Decompose the increment by adding and subtracting an intermediate evaluation:
\begin{align*}
f(a + h) - f(a) = \bigl[f(a_1 + h_1, a_2 + h_2) - f(a_1, a_2 + h_2)\bigr] + \bigl[f(a_1, a_2 + h_2) - f(a_1, a_2)\bigr].
\end{align*}
[/step]
[step:Apply the one-variable Mean Value Theorem to each bracket]
For the first bracket: the [function](/page/Function) $t \mapsto f(t, a_2 + h_2)$ is differentiable on an interval containing $[a_1, a_1 + h_1]$ (since all partial [derivatives](/page/Derivative) exist on $B_r(a)$). By the [Mean Value Theorem](/theorems/186), there exists $\xi_1$ between $a_1$ and $a_1 + h_1$ such that
\begin{align*}
f(a_1 + h_1, a_2 + h_2) - f(a_1, a_2 + h_2) = D_1 f(\xi_1, a_2 + h_2) \cdot h_1.
\end{align*}
For the second bracket: $t \mapsto f(a_1, t)$ is differentiable on an interval containing $[a_2, a_2 + h_2]$. By the Mean Value Theorem, there exists $\xi_2$ between $a_2$ and $a_2 + h_2$ such that
\begin{align*}
f(a_1, a_2 + h_2) - f(a_1, a_2) = D_2 f(a_1, \xi_2) \cdot h_2.
\end{align*}
[/step]
[step:Estimate the error using continuity of partial derivatives]

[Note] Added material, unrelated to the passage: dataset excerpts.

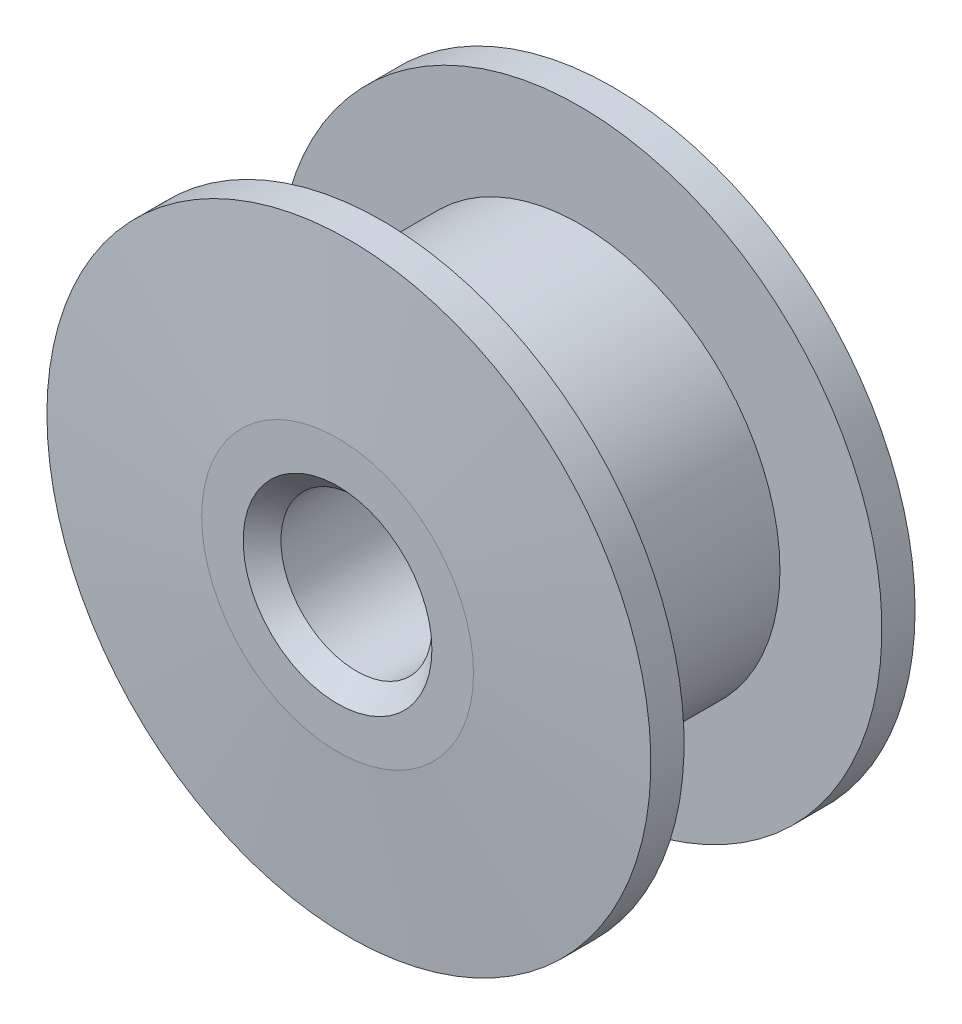
ISO-10303-21;
HEADER;
FILE_DESCRIPTION(('STEP AP214'),'2;1');
FILE_NAME('part.step','',(''),(''),'','','');
FILE_SCHEMA(('AUTOMOTIVE_DESIGN { 1 0 10303 214 1 1 1 1 }'));
ENDSEC;
DATA;
#1=APPLICATION_CONTEXT('core data for automotive mechanical design processes');
#2=APPLICATION_PROTOCOL_DEFINITION('international standard','automotive_design',2000,#1);
#3=PRODUCT_CONTEXT('',#1,'mechanical');
#4=PRODUCT('Part','Part','',(#3));
#5=PRODUCT_RELATED_PRODUCT_CATEGORY('part','',(#4));
#6=PRODUCT_DEFINITION_FORMATION('','',#4);
#7=PRODUCT_DEFINITION_CONTEXT('part definition',#1,'design');
#8=PRODUCT_DEFINITION('design','',#6,#7);
#9=PRODUCT_DEFINITION_SHAPE('','',#8);
#10=(LENGTH_UNIT() NAMED_UNIT(*) SI_UNIT(.MILLI.,.METRE.));
#11=(NAMED_UNIT(*) PLANE_ANGLE_UNIT() SI_UNIT($,.RADIAN.));
#12=(NAMED_UNIT(*) SI_UNIT($,.STERADIAN.) SOLID_ANGLE_UNIT());
#13=UNCERTAINTY_MEASURE_WITH_UNIT(LENGTH_MEASURE(1.E-05),#10,'distance_accuracy_value','');
#14=(GEOMETRIC_REPRESENTATION_CONTEXT(3) GLOBAL_UNCERTAINTY_ASSIGNED_CONTEXT((#13)) GLOBAL_UNIT_ASSIGNED_CONTEXT((#10,
#11,#12)) REPRESENTATION_CONTEXT('',''));
#15=CARTESIAN_POINT('',(0.,0.,0.));
#16=DIRECTION('',(0.,0.,1.));
#17=DIRECTION('',(1.,0.,0.));
#18=AXIS2_PLACEMENT_3D('',#15,#16,#17);
#19=CARTESIAN_POINT('',(0.,0.,1.9));
#20=DIRECTION('',(0.,0.,-1.));
#21=DIRECTION('',(-1.,0.,0.));
#22=AXIS2_PLACEMENT_3D('',#19,#20,#21);
#23=CYLINDRICAL_SURFACE('',#22,4.);
#24=CARTESIAN_POINT('',(0.,0.,-1.75));
#25=DIRECTION('',(0.,0.,1.));
#26=DIRECTION('',(1.,0.,0.));
#27=AXIS2_PLACEMENT_3D('',#24,#25,#26);
#28=CIRCLE('',#27,4.);
#29=CARTESIAN_POINT('',(-4.,0.,-1.75));
#30=VERTEX_POINT('',#29);
#31=EDGE_CURVE('E45',#30,#30,#28,.T.);
#32=CARTESIAN_POINT('',(0.,0.,-1.31));
#33=DIRECTION('',(0.,0.,1.));
#34=DIRECTION('',(1.,0.,0.));
#35=AXIS2_PLACEMENT_3D('',#32,#33,#34);
#36=CIRCLE('',#35,4.);
#37=CARTESIAN_POINT('',(-4.,0.,-1.31));
#38=VERTEX_POINT('',#37);
#39=EDGE_CURVE('E62',#38,#38,#36,.T.);
#40=CARTESIAN_POINT('',(-4.,0.,-1.75));
#41=CARTESIAN_POINT('',(-4.,0.,-1.74541666666667));
#42=CARTESIAN_POINT('',(-4.,0.,-1.74083333333333));
#43=CARTESIAN_POINT('',(-4.,0.,-1.73166666666667));
#44=CARTESIAN_POINT('',(-4.,0.,-1.72708333333333));
#45=CARTESIAN_POINT('',(-4.,0.,-1.71791666666667));
#46=CARTESIAN_POINT('',(-4.,0.,-1.71333333333333));
#47=CARTESIAN_POINT('',(-4.,0.,-1.70416666666667));
#48=CARTESIAN_POINT('',(-4.,0.,-1.69958333333333));
#49=CARTESIAN_POINT('',(-4.,0.,-1.69041666666667));
#50=CARTESIAN_POINT('',(-4.,0.,-1.68583333333333));
#51=CARTESIAN_POINT('',(-4.,0.,-1.67666666666667));
#52=CARTESIAN_POINT('',(-4.,0.,-1.67208333333333));
#53=CARTESIAN_POINT('',(-4.,0.,-1.66291666666667));
#54=CARTESIAN_POINT('',(-4.,0.,-1.65833333333333));
#55=CARTESIAN_POINT('',(-4.,0.,-1.64916666666667));
#56=CARTESIAN_POINT('',(-4.,0.,-1.64458333333333));
#57=CARTESIAN_POINT('',(-4.,0.,-1.63541666666667));
#58=CARTESIAN_POINT('',(-4.,0.,-1.63083333333333));
#59=CARTESIAN_POINT('',(-4.,0.,-1.62166666666667));
#60=CARTESIAN_POINT('',(-4.,0.,-1.61708333333333));
#61=CARTESIAN_POINT('',(-4.,0.,-1.60791666666667));
#62=CARTESIAN_POINT('',(-4.,0.,-1.60333333333333));
#63=CARTESIAN_POINT('',(-4.,0.,-1.59416666666667));
#64=CARTESIAN_POINT('',(-4.,0.,-1.58958333333333));
#65=CARTESIAN_POINT('',(-4.,0.,-1.58041666666667));
#66=CARTESIAN_POINT('',(-4.,0.,-1.57583333333333));
#67=CARTESIAN_POINT('',(-4.,0.,-1.56666666666667));
#68=CARTESIAN_POINT('',(-4.,0.,-1.56208333333333));
#69=CARTESIAN_POINT('',(-4.,0.,-1.55291666666667));
#70=CARTESIAN_POINT('',(-4.,0.,-1.54833333333333));
#71=CARTESIAN_POINT('',(-4.,0.,-1.53916666666667));
#72=CARTESIAN_POINT('',(-4.,0.,-1.53458333333333));
#73=CARTESIAN_POINT('',(-4.,0.,-1.52541666666667));
#74=CARTESIAN_POINT('',(-4.,0.,-1.52083333333333));
#75=CARTESIAN_POINT('',(-4.,0.,-1.51166666666667));
#76=CARTESIAN_POINT('',(-4.,0.,-1.50708333333333));
#77=CARTESIAN_POINT('',(-4.,0.,-1.49791666666667));
#78=CARTESIAN_POINT('',(-4.,0.,-1.49333333333333));
#79=CARTESIAN_POINT('',(-4.,0.,-1.48416666666667));
#80=CARTESIAN_POINT('',(-4.,0.,-1.47958333333333));
#81=CARTESIAN_POINT('',(-4.,0.,-1.47041666666667));
#82=CARTESIAN_POINT('',(-4.,0.,-1.46583333333333));
#83=CARTESIAN_POINT('',(-4.,0.,-1.45666666666667));
#84=CARTESIAN_POINT('',(-4.,0.,-1.45208333333333));
#85=CARTESIAN_POINT('',(-4.,0.,-1.44291666666667));
#86=CARTESIAN_POINT('',(-4.,0.,-1.43833333333333));
#87=CARTESIAN_POINT('',(-4.,0.,-1.42916666666667));
#88=CARTESIAN_POINT('',(-4.,0.,-1.42458333333333));
#89=CARTESIAN_POINT('',(-4.,0.,-1.41541666666667));
#90=CARTESIAN_POINT('',(-4.,0.,-1.41083333333333));
#91=CARTESIAN_POINT('',(-4.,0.,-1.40166666666667));
#92=CARTESIAN_POINT('',(-4.,0.,-1.39708333333333));
#93=CARTESIAN_POINT('',(-4.,0.,-1.38791666666667));
#94=CARTESIAN_POINT('',(-4.,0.,-1.38333333333333));
#95=CARTESIAN_POINT('',(-4.,0.,-1.37416666666667));
#96=CARTESIAN_POINT('',(-4.,0.,-1.36958333333333));
#97=CARTESIAN_POINT('',(-4.,0.,-1.36041666666667));
#98=CARTESIAN_POINT('',(-4.,0.,-1.35583333333333));
#99=CARTESIAN_POINT('',(-4.,0.,-1.34666666666667));
#100=CARTESIAN_POINT('',(-4.,0.,-1.34208333333333));
#101=CARTESIAN_POINT('',(-4.,0.,-1.33291666666667));
#102=CARTESIAN_POINT('',(-4.,0.,-1.32833333333333));
#103=CARTESIAN_POINT('',(-4.,0.,-1.31916666666667));
#104=CARTESIAN_POINT('',(-4.,0.,-1.31458333333333));
#105=CARTESIAN_POINT('',(-4.,0.,-1.31));
#106=B_SPLINE_CURVE_WITH_KNOTS('',3,(#40,#41,#42,#43,#44,#45,#46,#47,#48,#49,#50,#51,#52,#53,
#54,#55,#56,#57,#58,#59,#60,#61,#62,#63,#64,#65,#66,#67,#68,#69,#70,#71,#72,#73,#74,#75,#76,#77,
#78,#79,#80,#81,#82,#83,#84,#85,#86,#87,#88,#89,#90,#91,#92,#93,#94,#95,#96,#97,#98,#99,#100,
#101,#102,#103,#104,#105),.UNSPECIFIED.,.F.,.F.,(4,2,2,2,2,2,2,2,2,2,2,2,2,2,2,2,2,2,2,2,2,2,2,
2,2,2,2,2,2,2,2,2,4),(0.,0.0137499999999999,0.0275000000000002,0.0412500000000001,
0.0549999999999999,0.0687500000000002,0.0825000000000001,0.09625,0.11,0.12375,0.1375,0.15125,
0.165,0.17875,0.1925,0.20625,0.22,0.23375,0.2475,0.26125,0.275,0.28875,0.3025,0.31625,0.33,
0.34375,0.3575,0.37125,0.385,0.39875,0.4125,0.42625,0.44),.UNSPECIFIED.);
#107=EDGE_CURVE('BSEAM30',#30,#38,#106,.T.);
#108=ORIENTED_EDGE('',*,*,#31,.T.);
#109=ORIENTED_EDGE('',*,*,#39,.F.);
#110=ORIENTED_EDGE('',*,*,#107,.T.);
#111=ORIENTED_EDGE('',*,*,#107,.F.);
#112=EDGE_LOOP('',(#108,#110,#109,#111));
#113=FACE_BOUND('',#112,.T.);
#114=ADVANCED_FACE('F30',(#113),#23,.T.);
#115=CARTESIAN_POINT('',(0.,0.,-1.9));
#116=DIRECTION('',(0.,0.,1.));
#117=DIRECTION('',(1.,0.,0.));
#118=AXIS2_PLACEMENT_3D('',#115,#116,#117);
#119=PLANE('',#118);
#120=CARTESIAN_POINT('',(0.,0.,-1.9));
#121=DIRECTION('',(0.,0.,1.));
#122=DIRECTION('',(1.,0.,0.));
#123=AXIS2_PLACEMENT_3D('',#120,#121,#122);
#124=CIRCLE('',#123,1.9999999999999);
#125=CARTESIAN_POINT('',(1.9999999999999,0.,-1.9));
#126=VERTEX_POINT('',#125);
#127=EDGE_CURVE('E41',#126,#126,#124,.F.);
#128=ORIENTED_EDGE('',*,*,#127,.T.);
#129=EDGE_LOOP('',(#128));
#130=FACE_BOUND('',#129,.T.);
#131=CARTESIAN_POINT('',(0.,0.,-1.9));
#132=DIRECTION('',(0.,0.,1.));
#133=DIRECTION('',(1.,0.,0.));
#134=AXIS2_PLACEMENT_3D('',#131,#132,#133);
#135=CIRCLE('',#134,1.25);
#136=CARTESIAN_POINT('',(1.25,0.,-1.9));
#137=VERTEX_POINT('',#136);
#138=EDGE_CURVE('E53',#137,#137,#135,.T.);
#139=ORIENTED_EDGE('',*,*,#138,.T.);
#140=EDGE_LOOP('',(#139));
#141=FACE_BOUND('',#140,.T.);
#142=ADVANCED_FACE('F82',(#130,#141),#119,.F.);
#143=CARTESIAN_POINT('',(0.,0.,-1.31));
#144=DIRECTION('',(0.,0.,1.));
#145=DIRECTION('',(1.,0.,0.));
#146=AXIS2_PLACEMENT_3D('',#143,#144,#145);
#147=PLANE('',#146);
#148=CARTESIAN_POINT('',(0.,0.,-1.31));
#149=DIRECTION('',(0.,0.,1.));
#150=DIRECTION('',(1.,0.,0.));
#151=AXIS2_PLACEMENT_3D('',#148,#149,#150);
#152=CIRCLE('',#151,2.65);
#153=CARTESIAN_POINT('',(2.65,0.,-1.31));
#154=VERTEX_POINT('',#153);
#155=EDGE_CURVE('E66',#154,#154,#152,.T.);
#156=ORIENTED_EDGE('',*,*,#155,.F.);
#157=EDGE_LOOP('',(#156));
#158=FACE_BOUND('',#157,.T.);
#159=ORIENTED_EDGE('',*,*,#39,.T.);
#160=EDGE_LOOP('',(#159));
#161=FACE_BOUND('',#160,.T.);
#162=ADVANCED_FACE('F78',(#158,#161),#147,.T.);
#163=CARTESIAN_POINT('',(0.,0.,1.31));
#164=DIRECTION('',(0.,0.,1.));
#165=DIRECTION('',(1.,0.,0.));
#166=AXIS2_PLACEMENT_3D('',#163,#164,#165);
#167=PLANE('',#166);
#168=CARTESIAN_POINT('',(0.,0.,1.31));
#169=DIRECTION('',(0.,0.,1.));
#170=DIRECTION('',(1.,0.,0.));
#171=AXIS2_PLACEMENT_3D('',#168,#169,#170);
#172=CIRCLE('',#171,2.65);
#173=CARTESIAN_POINT('',(2.65,0.,1.31));
#174=VERTEX_POINT('',#173);
#175=EDGE_CURVE('E69',#174,#174,#172,.T.);
#176=ORIENTED_EDGE('',*,*,#175,.T.);
#177=EDGE_LOOP('',(#176));
#178=FACE_BOUND('',#177,.T.);
#179=CARTESIAN_POINT('',(0.,0.,1.31));
#180=DIRECTION('',(0.,0.,1.));
#181=DIRECTION('',(1.,0.,0.));
#182=AXIS2_PLACEMENT_3D('',#179,#180,#181);
#183=CIRCLE('',#182,4.);
#184=CARTESIAN_POINT('',(-4.,0.,1.31));
#185=VERTEX_POINT('',#184);
#186=EDGE_CURVE('E63',#185,#185,#183,.T.);
#187=ORIENTED_EDGE('',*,*,#186,.F.);
#188=EDGE_LOOP('',(#187));
#189=FACE_BOUND('',#188,.T.);
#190=ADVANCED_FACE('F81',(#178,#189),#167,.F.);
#191=CARTESIAN_POINT('',(0.,0.,-1.31));
#192=DIRECTION('',(0.,0.,1.));
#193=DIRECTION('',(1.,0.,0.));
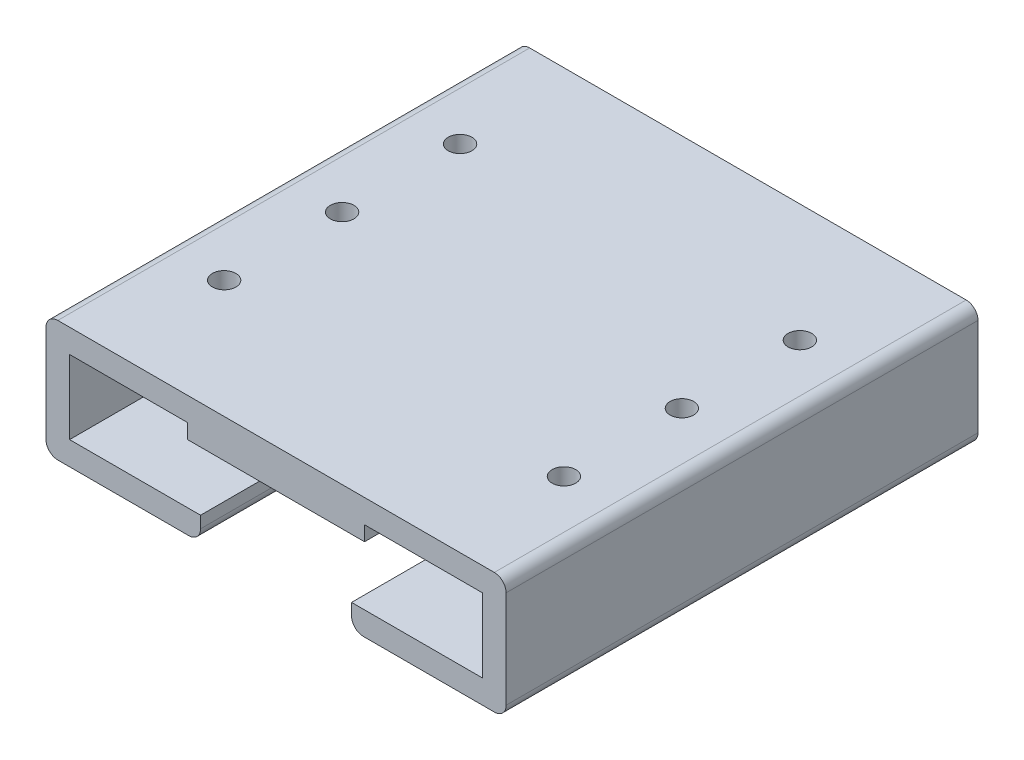
ISO-10303-21;
HEADER;
FILE_DESCRIPTION(('STEP AP214'),'2;1');
FILE_NAME('part.step','',(''),(''),'','','');
FILE_SCHEMA(('AUTOMOTIVE_DESIGN { 1 0 10303 214 1 1 1 1 }'));
ENDSEC;
DATA;
#1=APPLICATION_CONTEXT('core data for automotive mechanical design processes');
#2=APPLICATION_PROTOCOL_DEFINITION('international standard','automotive_design',2000,#1);
#3=PRODUCT_CONTEXT('',#1,'mechanical');
#4=PRODUCT('Part','Part','',(#3));
#5=PRODUCT_RELATED_PRODUCT_CATEGORY('part','',(#4));
#6=PRODUCT_DEFINITION_FORMATION('','',#4);
#7=PRODUCT_DEFINITION_CONTEXT('part definition',#1,'design');
#8=PRODUCT_DEFINITION('design','',#6,#7);
#9=PRODUCT_DEFINITION_SHAPE('','',#8);
#10=(LENGTH_UNIT() NAMED_UNIT(*) SI_UNIT(.MILLI.,.METRE.));
#11=(NAMED_UNIT(*) PLANE_ANGLE_UNIT() SI_UNIT($,.RADIAN.));
#12=(NAMED_UNIT(*) SI_UNIT($,.STERADIAN.) SOLID_ANGLE_UNIT());
#13=UNCERTAINTY_MEASURE_WITH_UNIT(LENGTH_MEASURE(1.E-05),#10,'distance_accuracy_value','');
#14=(GEOMETRIC_REPRESENTATION_CONTEXT(3) GLOBAL_UNCERTAINTY_ASSIGNED_CONTEXT((#13)) GLOBAL_UNIT_ASSIGNED_CONTEXT((#10,
#11,#12)) REPRESENTATION_CONTEXT('',''));
#15=CARTESIAN_POINT('',(0.,0.,0.));
#16=DIRECTION('',(0.,0.,1.));
#17=DIRECTION('',(1.,0.,0.));
#18=AXIS2_PLACEMENT_3D('',#15,#16,#17);
#19=CARTESIAN_POINT('',(15.,0.,80.));
#20=DIRECTION('',(-1.,0.,0.));
#21=DIRECTION('',(0.,0.,1.));
#22=AXIS2_PLACEMENT_3D('',#19,#20,#21);
#23=PLANE('',#22);
#24=DIRECTION('',(0.,1.,0.));
#25=VECTOR('',#24,1.);
#26=CARTESIAN_POINT('',(15.,0.,0.));
#27=LINE('',#26,#25);
#28=CARTESIAN_POINT('',(15.,0.,0.));
#29=VERTEX_POINT('',#28);
#30=CARTESIAN_POINT('',(15.,2.5,0.));
#31=VERTEX_POINT('',#30);
#32=EDGE_CURVE('E228',#29,#31,#27,.T.);
#33=ORIENTED_EDGE('',*,*,#32,.T.);
#34=DIRECTION('',(0.,0.,-1.));
#35=VECTOR('',#34,1.);
#36=CARTESIAN_POINT('',(15.,2.5,80.));
#37=LINE('',#36,#35);
#38=CARTESIAN_POINT('',(15.,2.5,80.));
#39=VERTEX_POINT('',#38);
#40=EDGE_CURVE('E11',#39,#31,#37,.T.);
#41=ORIENTED_EDGE('',*,*,#40,.F.);
#42=DIRECTION('',(0.,1.,0.));
#43=VECTOR('',#42,1.);
#44=CARTESIAN_POINT('',(15.,0.,80.));
#45=LINE('',#44,#43);
#46=CARTESIAN_POINT('',(15.,0.,80.));
#47=VERTEX_POINT('',#46);
#48=EDGE_CURVE('E294',#47,#39,#45,.T.);
#49=ORIENTED_EDGE('',*,*,#48,.F.);
#50=DIRECTION('',(0.,0.,-1.));
#51=VECTOR('',#50,1.);
#52=CARTESIAN_POINT('',(15.,0.,80.));
#53=LINE('',#52,#51);
#54=EDGE_CURVE('E224',#47,#29,#53,.T.);
#55=ORIENTED_EDGE('',*,*,#54,.T.);
#56=EDGE_LOOP('',(#33,#41,#49,#55));
#57=FACE_BOUND('',#56,.T.);
#58=ADVANCED_FACE('F43',(#57),#23,.F.);
#59=CARTESIAN_POINT('',(15.,2.5,80.));
#60=DIRECTION('',(0.,1.,0.));
#61=DIRECTION('',(-1.,0.,0.));
#62=AXIS2_PLACEMENT_3D('',#59,#60,#61);
#63=PLANE('',#62);
#64=CARTESIAN_POINT('',(28.8000000000004,2.50000000000001,20.));
#65=DIRECTION('',(0.,-1.,0.));
#66=DIRECTION('',(1.,0.,0.));
#67=AXIS2_PLACEMENT_3D('',#64,#65,#66);
#68=CIRCLE('',#67,2.00000000000001);
#69=CARTESIAN_POINT('',(30.8000000000004,2.50000000000001,20.));
#70=VERTEX_POINT('',#69);
#71=EDGE_CURVE('E564',#70,#70,#68,.T.);
#72=ORIENTED_EDGE('',*,*,#71,.F.);
#73=EDGE_LOOP('',(#72));
#74=FACE_BOUND('',#73,.T.);
#75=CARTESIAN_POINT('',(28.8000000000002,2.50000000000001,40.));
#76=DIRECTION('',(0.,-1.,0.));
#77=DIRECTION('',(1.,0.,0.));
#78=AXIS2_PLACEMENT_3D('',#75,#76,#77);
#79=CIRCLE('',#78,2.00000000000001);
#80=CARTESIAN_POINT('',(30.8000000000002,2.50000000000001,40.));
#81=VERTEX_POINT('',#80);
#82=EDGE_CURVE('E563',#81,#81,#79,.T.);
#83=ORIENTED_EDGE('',*,*,#82,.F.);
#84=EDGE_LOOP('',(#83));
#85=FACE_BOUND('',#84,.T.);
#86=CARTESIAN_POINT('',(28.8,2.50000000000001,60.));
#87=DIRECTION('',(0.,-1.,0.));
#88=DIRECTION('',(1.,0.,0.));
#89=AXIS2_PLACEMENT_3D('',#86,#87,#88);
#90=CIRCLE('',#89,2.00000000000001);
#91=CARTESIAN_POINT('',(30.8,2.50000000000001,60.));
#92=VERTEX_POINT('',#91);
#93=EDGE_CURVE('E544',#92,#92,#90,.T.);
#94=ORIENTED_EDGE('',*,*,#93,.F.);
#95=EDGE_LOOP('',(#94));
#96=FACE_BOUND('',#95,.T.);
#97=DIRECTION('',(1.,0.,0.));
#98=VECTOR('',#97,1.);
#99=CARTESIAN_POINT('',(15.,2.5,0.));
#100=LINE('',#99,#98);
#101=CARTESIAN_POINT('',(35.,2.5,0.));
#102=VERTEX_POINT('',#101);
#103=EDGE_CURVE('E232',#31,#102,#100,.T.);
#104=ORIENTED_EDGE('',*,*,#103,.T.);
#105=DIRECTION('',(0.,0.,-1.));
#106=VECTOR('',#105,1.);
#107=CARTESIAN_POINT('',(35.,2.5,80.));
#108=LINE('',#107,#106);
#109=CARTESIAN_POINT('',(35.,2.5,80.));
#110=VERTEX_POINT('',#109);
#111=EDGE_CURVE('E52',#110,#102,#108,.T.);
#112=ORIENTED_EDGE('',*,*,#111,.F.);
#113=DIRECTION('',(1.,0.,0.));
#114=VECTOR('',#113,1.);
#115=CARTESIAN_POINT('',(15.,2.5,80.));
#116=LINE('',#115,#114);
#117=EDGE_CURVE('E145',#39,#110,#116,.T.);
#118=ORIENTED_EDGE('',*,*,#117,.F.);
#119=ORIENTED_EDGE('',*,*,#40,.T.);
#120=EDGE_LOOP('',(#104,#112,#118,#119));
#121=FACE_BOUND('',#120,.T.);
#122=ADVANCED_FACE('F458',(#74,#85,#96,#121),#63,.F.);
#123=CARTESIAN_POINT('',(35.,2.5,80.));
#124=DIRECTION('',(1.,0.,0.));
#125=DIRECTION('',(0.,0.,-1.));
#126=AXIS2_PLACEMENT_3D('',#123,#124,#125);
#127=PLANE('',#126);
#128=DIRECTION('',(0.,-1.,0.));
#129=VECTOR('',#128,1.);
#130=CARTESIAN_POINT('',(35.,2.5,0.));
#131=LINE('',#130,#129);
#132=CARTESIAN_POINT('',(35.,-10.,0.));
#133=VERTEX_POINT('',#132);
#134=EDGE_CURVE('E236',#102,#133,#131,.T.);
#135=ORIENTED_EDGE('',*,*,#134,.T.);
#136=DIRECTION('',(0.,0.,-1.));
#137=VECTOR('',#136,1.);
#138=CARTESIAN_POINT('',(35.,-10.,80.));
#139=LINE('',#138,#137);
#140=CARTESIAN_POINT('',(35.,-10.,80.));
#141=VERTEX_POINT('',#140);
#142=EDGE_CURVE('E361',#141,#133,#139,.T.);
#143=ORIENTED_EDGE('',*,*,#142,.F.);
#144=DIRECTION('',(0.,-1.,0.));
#145=VECTOR('',#144,1.);
#146=CARTESIAN_POINT('',(35.,2.5,80.));
#147=LINE('',#146,#145);
#148=EDGE_CURVE('E371',#110,#141,#147,.T.);
#149=ORIENTED_EDGE('',*,*,#148,.F.);
#150=ORIENTED_EDGE('',*,*,#111,.T.);
#151=EDGE_LOOP('',(#135,#143,#149,#150));
#152=FACE_BOUND('',#151,.T.);
#153=ADVANCED_FACE('F369',(#152),#127,.F.);
#154=CARTESIAN_POINT('',(35.,-10.,80.));
#155=DIRECTION('',(0.,-1.,0.));
#156=DIRECTION('',(0.,0.,-1.));
#157=AXIS2_PLACEMENT_3D('',#154,#155,#156);
#158=PLANE('',#157);
#159=CARTESIAN_POINT('',(28.8,-10.,40.));
#160=DIRECTION('',(0.,1.,0.));
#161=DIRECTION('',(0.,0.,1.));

Subtracting $\tau(h) = D_1 f(a) h_1 + D_2 f(a) h_2$:
\begin{align*}
f(a + h) - f(a) - \tau(h) = \bigl[D_1 f(\xi_1, a_2 + h_2) - D_1 f(a)\bigr]h_1 + \bigl[D_2 f(a_1, \xi_2) - D_2 f(a)\bigr]h_2.
\end{align*}
Taking absolute values and using $|h_i| \leq |h|$:
\begin{align*}
\frac{|f(a + h) - f(a) - \tau(h)|}{|h|} \leq |D_1 f(\xi_1, a_2 + h_2) - D_1 f(a)| + |D_2 f(a_1, \xi_2) - D_2 f(a)|.
\end{align*}
As $h \to \mathbf{0}$, the point $(\xi_1, a_2 + h_2) \to a$ (since $\xi_1$ lies between $a_1$ and $a_1 + h_1$) and $(a_1, \xi_2) \to a$. By [continuity](/page/Continuity) of $D_1 f$ and $D_2 f$ at $a$, both terms on the right tend to $0$. Therefore $f(a + h) - f(a) - \tau(h) = o(|h|)$, confirming $f$ is [differentiable](/page/Derivative) at $a$ with derivative $\tau$.
[guided]
The strategy of decomposing along coordinate axes is the standard telescoping trick. Why does it work? Each bracket isolates a single-variable function to which the [Mean Value Theorem](/theorems/186) applies, producing an intermediate point where the partial derivative is evaluated.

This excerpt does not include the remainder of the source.